[Stored entries]
....
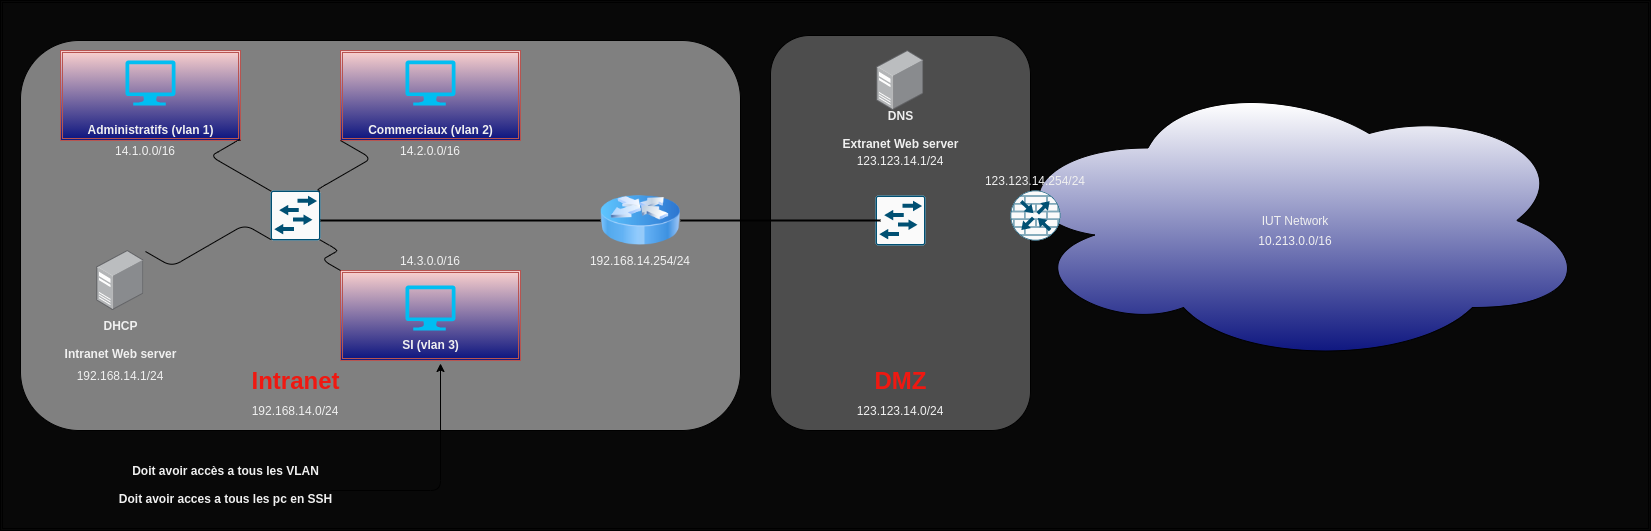

The diagram above was exported from draw.io. Its source (the exported page's mxGraphModel, read from the mxfile embedded in the PNG):
<mxGraphModel dx="833" dy="459" grid="1" gridSize="10" guides="1" tooltips="1" connect="1" arrows="1" fold="1" page="1" pageScale="1" pageWidth="827" pageHeight="1169" math="0" shadow="0">
  <root>
    <mxCell id="0" />
    <mxCell id="1" parent="0" />
    <mxCell id="54" value="" style="shape=ext;double=1;rounded=0;whiteSpace=wrap;html=1;fontSize=12;fontColor=#F0F0F0;fillColor=#080808;gradientColor=none;" vertex="1" parent="1">
      <mxGeometry y="250" width="1650" height="530" as="geometry" />
    </mxCell>
    <mxCell id="2" value="" style="rounded=1;whiteSpace=wrap;html=1;fillColor=#808080;" vertex="1" parent="1">
      <mxGeometry x="20" y="290" width="720" height="390" as="geometry" />
    </mxCell>
    <mxCell id="3" value="Intranet" style="text;html=1;fontSize=24;fontStyle=1;verticalAlign=middle;align=center;fontColor=#F01811;" vertex="1" parent="1">
      <mxGeometry x="245" y="610" width="100" height="40" as="geometry" />
    </mxCell>
    <mxCell id="4" value="" style="shape=ext;double=1;rounded=0;whiteSpace=wrap;html=1;fillColor=#f8cecc;strokeColor=#b85450;gradientColor=#0F1780;" vertex="1" parent="1">
      <mxGeometry x="60" y="300" width="180" height="90" as="geometry" />
    </mxCell>
    <mxCell id="6" value="&lt;font style=&quot;font-size: 12px&quot; color=&quot;#f0f0f0&quot;&gt;Administratifs (vlan 1)&lt;/font&gt;" style="text;strokeColor=none;fillColor=none;html=1;fontSize=24;fontStyle=1;verticalAlign=middle;align=center;fontColor=#F01811;" vertex="1" parent="1">
      <mxGeometry x="100" y="355" width="100" height="40" as="geometry" />
    </mxCell>
    <mxCell id="5" value="" style="verticalLabelPosition=bottom;html=1;verticalAlign=top;align=center;strokeColor=none;fillColor=#00BEF2;shape=mxgraph.azure.computer;pointerEvents=1;fontColor=#F01811;" vertex="1" parent="1">
      <mxGeometry x="125" y="310" width="50" height="45" as="geometry" />
    </mxCell>
    <mxCell id="7" value="" style="shape=ext;double=1;rounded=0;whiteSpace=wrap;html=1;fillColor=#f8cecc;strokeColor=#b85450;gradientColor=#0F1780;" vertex="1" parent="1">
      <mxGeometry x="340" y="300" width="180" height="90" as="geometry" />
    </mxCell>
    <mxCell id="8" value="" style="verticalLabelPosition=bottom;html=1;verticalAlign=top;align=center;strokeColor=none;fillColor=#00BEF2;shape=mxgraph.azure.computer;pointerEvents=1;fontColor=#F01811;" vertex="1" parent="1">
      <mxGeometry x="405" y="310" width="50" height="45" as="geometry" />
    </mxCell>
    <mxCell id="9" value="&lt;font style=&quot;font-size: 12px&quot; color=&quot;#f0f0f0&quot;&gt;Commerciaux (vlan 2)&lt;/font&gt;" style="text;strokeColor=none;fillColor=none;html=1;fontSize=24;fontStyle=1;verticalAlign=middle;align=center;fontColor=#F01811;" vertex="1" parent="1">
      <mxGeometry x="380" y="355" width="100" height="40" as="geometry" />
    </mxCell>
    <mxCell id="10" value="" style="shape=ext;double=1;rounded=0;whiteSpace=wrap;html=1;fillColor=#f8cecc;strokeColor=#b85450;gradientColor=#0F1780;" vertex="1" parent="1">
      <mxGeometry x="340" y="520" width="180" height="90" as="geometry" />
    </mxCell>
    <mxCell id="11" value="" style="verticalLabelPosition=bottom;html=1;verticalAlign=top;align=center;strokeColor=none;fillColor=#00BEF2;shape=mxgraph.azure.computer;pointerEvents=1;fontColor=#F01811;" vertex="1" parent="1">
      <mxGeometry x="405" y="535" width="50" height="45" as="geometry" />
    </mxCell>
    <mxCell id="12" value="&lt;font style=&quot;font-size: 12px&quot; color=&quot;#f0f0f0&quot;&gt;SI (vlan 3)&lt;/font&gt;" style="text;strokeColor=none;fillColor=none;html=1;fontSize=24;fontStyle=1;verticalAlign=middle;align=center;fontColor=#F01811;" vertex="1" parent="1">
      <mxGeometry x="380" y="570" width="100" height="40" as="geometry" />
    </mxCell>
    <mxCell id="13" value="" style="edgeStyle=segmentEdgeStyle;endArrow=classic;html=1;fontSize=12;fontColor=#F0F0F0;entryX=0.6;entryY=1.075;entryDx=0;entryDy=0;entryPerimeter=0;" edge="1" parent="1" target="12">
      <mxGeometry width="50" height="50" relative="1" as="geometry">
        <mxPoint x="330" y="740" as="sourcePoint" />
        <mxPoint x="560" y="640" as="targetPoint" />
      </mxGeometry>
    </mxCell>
    <mxCell id="14" value="&lt;font style=&quot;font-size: 12px&quot;&gt;Doit avoir accès a tous les VLAN&lt;br&gt;Doit avoir acces a tous les pc en SSH&lt;br&gt;&lt;/font&gt;" style="text;strokeColor=none;fillColor=none;html=1;fontSize=24;fontStyle=1;verticalAlign=middle;align=center;fontColor=#F0F0F0;" vertex="1" parent="1">
      <mxGeometry x="175" y="710" width="100" height="40" as="geometry" />
    </mxCell>
    <mxCell id="17" value="" style="points=[];aspect=fixed;html=1;align=center;shadow=0;dashed=0;image;image=img/lib/allied_telesis/computer_and_terminals/Server_Desktop.svg;fontSize=12;fontColor=#F0F0F0;gradientColor=#0F1780;" vertex="1" parent="1">
      <mxGeometry x="96.34" y="500" width="47.33" height="60" as="geometry" />
    </mxCell>
    <mxCell id="18" value="&lt;font style=&quot;font-size: 12px&quot; color=&quot;#f0f0f0&quot;&gt;DHCP&lt;br&gt;Intranet Web server&lt;br&gt;&lt;/font&gt;" style="text;strokeColor=none;fillColor=none;html=1;fontSize=24;fontStyle=1;verticalAlign=middle;align=center;fontColor=#F01811;" vertex="1" parent="1">
      <mxGeometry x="70" y="569.5" width="100" height="30" as="geometry" />
    </mxCell>
    <mxCell id="19" value="" style="sketch=0;points=[[0.015,0.015,0],[0.985,0.015,0],[0.985,0.985,0],[0.015,0.985,0],[0.25,0,0],[0.5,0,0],[0.75,0,0],[1,0.25,0],[1,0.5,0],[1,0.75,0],[0.75,1,0],[0.5,1,0],[0.25,1,0],[0,0.75,0],[0,0.5,0],[0,0.25,0]];verticalLabelPosition=bottom;html=1;verticalAlign=top;aspect=fixed;align=center;pointerEvents=1;shape=mxgraph.cisco19.rect;prIcon=l2_switch;fillColor=#FAFAFA;strokeColor=#005073;fontSize=12;fontColor=#F0F0F0;" vertex="1" parent="1">
      <mxGeometry x="270" y="440" width="50" height="50" as="geometry" />
    </mxCell>
    <mxCell id="20" value="" style="edgeStyle=isometricEdgeStyle;endArrow=none;html=1;elbow=vertical;fontSize=12;fontColor=#F0F0F0;entryX=1;entryY=1;entryDx=0;entryDy=0;exitX=0.015;exitY=0.015;exitDx=0;exitDy=0;exitPerimeter=0;" edge="1" parent="1" source="19" target="4">
      <mxGeometry width="50" height="100" relative="1" as="geometry">
        <mxPoint x="400" y="650" as="sourcePoint" />
        <mxPoint x="450" y="550" as="targetPoint" />
        <Array as="points">
          <mxPoint x="220" y="400" />
        </Array>
      </mxGeometry>
    </mxCell>
    <mxCell id="21" value="" style="edgeStyle=isometricEdgeStyle;endArrow=none;html=1;elbow=vertical;fontSize=12;fontColor=#F0F0F0;entryX=0;entryY=1;entryDx=0;entryDy=0;exitX=0.985;exitY=0.015;exitDx=0;exitDy=0;exitPerimeter=0;" edge="1" parent="1" source="19" target="7">
      <mxGeometry width="50" height="100" relative="1" as="geometry">
        <mxPoint x="400" y="650" as="sourcePoint" />
        <mxPoint x="450" y="550" as="targetPoint" />
        <Array as="points">
          <mxPoint x="350" y="420" />
        </Array>
      </mxGeometry>
    </mxCell>
    <mxCell id="23" value="" style="edgeStyle=isometricEdgeStyle;endArrow=none;html=1;elbow=vertical;fontSize=12;fontColor=#F0F0F0;entryX=0.985;entryY=0.985;entryDx=0;entryDy=0;entryPerimeter=0;exitX=0;exitY=0;exitDx=0;exitDy=0;" edge="1" parent="1" source="10" target="19">
      <mxGeometry width="50" height="100" relative="1" as="geometry">
        <mxPoint x="400" y="650" as="sourcePoint" />
        <mxPoint x="450" y="550" as="targetPoint" />
      </mxGeometry>
    </mxCell>
    <mxCell id="24" value="" style="edgeStyle=isometricEdgeStyle;endArrow=none;html=1;elbow=vertical;fontSize=12;fontColor=#F0F0F0;entryX=0.015;entryY=0.985;entryDx=0;entryDy=0;entryPerimeter=0;exitX=1.028;exitY=0.017;exitDx=0;exitDy=0;exitPerimeter=0;" edge="1" parent="1" source="17" target="19">
      <mxGeometry width="50" height="100" relative="1" as="geometry">
        <mxPoint x="400" y="650" as="sourcePoint" />
        <mxPoint x="450" y="550" as="targetPoint" />
      </mxGeometry>
    </mxCell>
    <mxCell id="25" value="" style="image;html=1;image=img/lib/clip_art/networking/Router_Icon_128x128.png;fontSize=12;fontColor=#F0F0F0;gradientColor=#0F1780;" vertex="1" parent="1">
      <mxGeometry x="600" y="430" width="80" height="80" as="geometry" />
    </mxCell>
    <mxCell id="26" value="" style="line;strokeWidth=2;html=1;fontSize=12;fontColor=#F0F0F0;gradientColor=#0F1780;" vertex="1" parent="1">
      <mxGeometry x="320" y="465" width="280" height="10" as="geometry" />
    </mxCell>
    <mxCell id="30" value="" style="rounded=1;whiteSpace=wrap;html=1;fillColor=#4D4D4D;" vertex="1" parent="1">
      <mxGeometry x="770" y="285" width="260" height="395" as="geometry" />
    </mxCell>
    <mxCell id="31" value="DMZ" style="text;html=1;fontSize=24;fontStyle=1;verticalAlign=middle;align=center;fontColor=#F01811;" vertex="1" parent="1">
      <mxGeometry x="850" y="610" width="100" height="40" as="geometry" />
    </mxCell>
    <mxCell id="32" value="" style="sketch=0;points=[[0.015,0.015,0],[0.985,0.015,0],[0.985,0.985,0],[0.015,0.985,0],[0.25,0,0],[0.5,0,0],[0.75,0,0],[1,0.25,0],[1,0.5,0],[1,0.75,0],[0.75,1,0],[0.5,1,0],[0.25,1,0],[0,0.75,0],[0,0.5,0],[0,0.25,0]];verticalLabelPosition=bottom;html=1;verticalAlign=top;aspect=fixed;align=center;pointerEvents=1;shape=mxgraph.cisco19.rect;prIcon=l2_switch;fillColor=#FAFAFA;strokeColor=#005073;fontSize=12;fontColor=#F0F0F0;" vertex="1" parent="1">
      <mxGeometry x="875" y="445" width="50" height="50" as="geometry" />
    </mxCell>
    <mxCell id="34" value="" style="points=[];aspect=fixed;html=1;align=center;shadow=0;dashed=0;image;image=img/lib/allied_telesis/computer_and_terminals/Server_Desktop.svg;fontSize=12;fontColor=#F0F0F0;gradientColor=#0F1780;" vertex="1" parent="1">
      <mxGeometry x="876.34" y="300" width="47.33" height="60" as="geometry" />
    </mxCell>
    <mxCell id="35" value="&lt;font style=&quot;font-size: 12px&quot; color=&quot;#f0f0f0&quot;&gt;DNS&lt;br&gt;Extranet Web server&lt;br&gt;&lt;/font&gt;" style="text;strokeColor=none;fillColor=none;html=1;fontSize=24;fontStyle=1;verticalAlign=middle;align=center;fontColor=#F01811;" vertex="1" parent="1">
      <mxGeometry x="850.01" y="370" width="100" height="10" as="geometry" />
    </mxCell>
    <mxCell id="36" value="" style="line;strokeWidth=2;html=1;fontSize=12;fontColor=#F0F0F0;gradientColor=#0F1780;" vertex="1" parent="1">
      <mxGeometry x="680" y="465" width="200" height="10" as="geometry" />
    </mxCell>
    <mxCell id="40" value="IUT Network" style="ellipse;shape=cloud;whiteSpace=wrap;html=1;align=center;fontSize=12;fontColor=#F0F0F0;gradientColor=#0F1780;" vertex="1" parent="1">
      <mxGeometry x="1000" y="325" width="590" height="290" as="geometry" />
    </mxCell>
    <mxCell id="38" value="" style="sketch=0;points=[[0.5,0,0],[1,0.5,0],[0.5,1,0],[0,0.5,0],[0.145,0.145,0],[0.8555,0.145,0],[0.855,0.8555,0],[0.145,0.855,0]];verticalLabelPosition=bottom;html=1;verticalAlign=top;aspect=fixed;align=center;pointerEvents=1;shape=mxgraph.cisco19.rect;prIcon=router_with_firewall;fillColor=#FAFAFA;strokeColor=#005073;fontSize=12;fontColor=#F0F0F0;" vertex="1" parent="1">
      <mxGeometry x="1010" y="440" width="50" height="50" as="geometry" />
    </mxCell>
    <UserObject label="192.168.14.0/24" placeholders="1" name="Variable" id="41">
      <mxCell style="text;html=1;strokeColor=none;fillColor=none;align=center;verticalAlign=middle;whiteSpace=wrap;overflow=hidden;fontSize=12;fontColor=#F0F0F0;" vertex="1" parent="1">
        <mxGeometry x="240" y="650" width="110" height="20" as="geometry" />
      </mxCell>
    </UserObject>
    <UserObject label="14.1.0.0/16" placeholders="1" name="Variable" id="43">
      <mxCell style="text;html=1;strokeColor=none;fillColor=none;align=center;verticalAlign=middle;whiteSpace=wrap;overflow=hidden;fontSize=12;fontColor=#F0F0F0;" vertex="1" parent="1">
        <mxGeometry x="90" y="390" width="110" height="20" as="geometry" />
      </mxCell>
    </UserObject>
    <UserObject label="14.2.0.0/16" placeholders="1" name="Variable" id="44">
      <mxCell style="text;html=1;strokeColor=none;fillColor=none;align=center;verticalAlign=middle;whiteSpace=wrap;overflow=hidden;fontSize=12;fontColor=#F0F0F0;" vertex="1" parent="1">
        <mxGeometry x="375" y="390" width="110" height="20" as="geometry" />
      </mxCell>
    </UserObject>
    <UserObject label="14.3.0.0/16" placeholders="1" name="Variable" id="45">
      <mxCell style="text;html=1;strokeColor=none;fillColor=none;align=center;verticalAlign=middle;whiteSpace=wrap;overflow=hidden;fontSize=12;fontColor=#F0F0F0;" vertex="1" parent="1">
        <mxGeometry x="375" y="500" width="110" height="20" as="geometry" />
      </mxCell>
    </UserObject>
    <UserObject label="192.168.14.254/24" placeholders="1" name="Variable" id="46">
      <mxCell style="text;html=1;strokeColor=none;fillColor=none;align=center;verticalAlign=middle;whiteSpace=wrap;overflow=hidden;fontSize=12;fontColor=#F0F0F0;" vertex="1" parent="1">
        <mxGeometry x="585" y="500" width="110" height="20" as="geometry" />
      </mxCell>
    </UserObject>
    <UserObject label="192.168.14.1/24" placeholders="1" name="Variable" id="47">
      <mxCell style="text;html=1;strokeColor=none;fillColor=none;align=center;verticalAlign=middle;whiteSpace=wrap;overflow=hidden;fontSize=12;fontColor=#F0F0F0;" vertex="1" parent="1">
        <mxGeometry x="65" y="615" width="110" height="20" as="geometry" />
      </mxCell>
    </UserObject>
    <UserObject label="123.123.14.0/24" placeholders="1" name="Variable" id="48">
      <mxCell style="text;html=1;strokeColor=none;fillColor=none;align=center;verticalAlign=middle;whiteSpace=wrap;overflow=hidden;fontSize=12;fontColor=#F0F0F0;" vertex="1" parent="1">
        <mxGeometry x="845" y="650" width="110" height="20" as="geometry" />
      </mxCell>
    </UserObject>
    <UserObject label="123.123.14.1/24" placeholders="1" name="Variable" id="50">
      <mxCell style="text;html=1;strokeColor=none;fillColor=none;align=center;verticalAlign=middle;whiteSpace=wrap;overflow=hidden;fontSize=12;fontColor=#F0F0F0;" vertex="1" parent="1">
        <mxGeometry x="845.01" y="400" width="110" height="20" as="geometry" />
      </mxCell>
    </UserObject>
    <UserObject label="123.123.14.254/24" placeholders="1" name="Variable" id="51">
      <mxCell style="text;html=1;strokeColor=none;fillColor=none;align=center;verticalAlign=middle;whiteSpace=wrap;overflow=hidden;fontSize=12;fontColor=#F0F0F0;" vertex="1" parent="1">
        <mxGeometry x="980" y="420" width="110" height="20" as="geometry" />
      </mxCell>
    </UserObject>
    <UserObject label="10.213.0.0/16" placeholders="1" name="Variable" id="55">
      <mxCell style="text;html=1;strokeColor=none;fillColor=none;align=center;verticalAlign=middle;whiteSpace=wrap;overflow=hidden;fontSize=12;fontColor=#F0F0F0;" vertex="1" parent="1">
        <mxGeometry x="1240" y="480" width="110" height="20" as="geometry" />
      </mxCell>
    </UserObject>
  </root>
</mxGraphModel>
....
In the lines above, find the word "strokeWidth" and copy every line it occurs in.

Output ->
    <mxCell id="26" value="" style="line;strokeWidth=2;html=1;fontSize=12;fontColor=#F0F0F0;gradientColor=#0F1780;" vertex="1" parent="1">
    <mxCell id="36" value="" style="line;strokeWidth=2;html=1;fontSize=12;fontColor=#F0F0F0;gradientColor=#0F1780;" vertex="1" parent="1">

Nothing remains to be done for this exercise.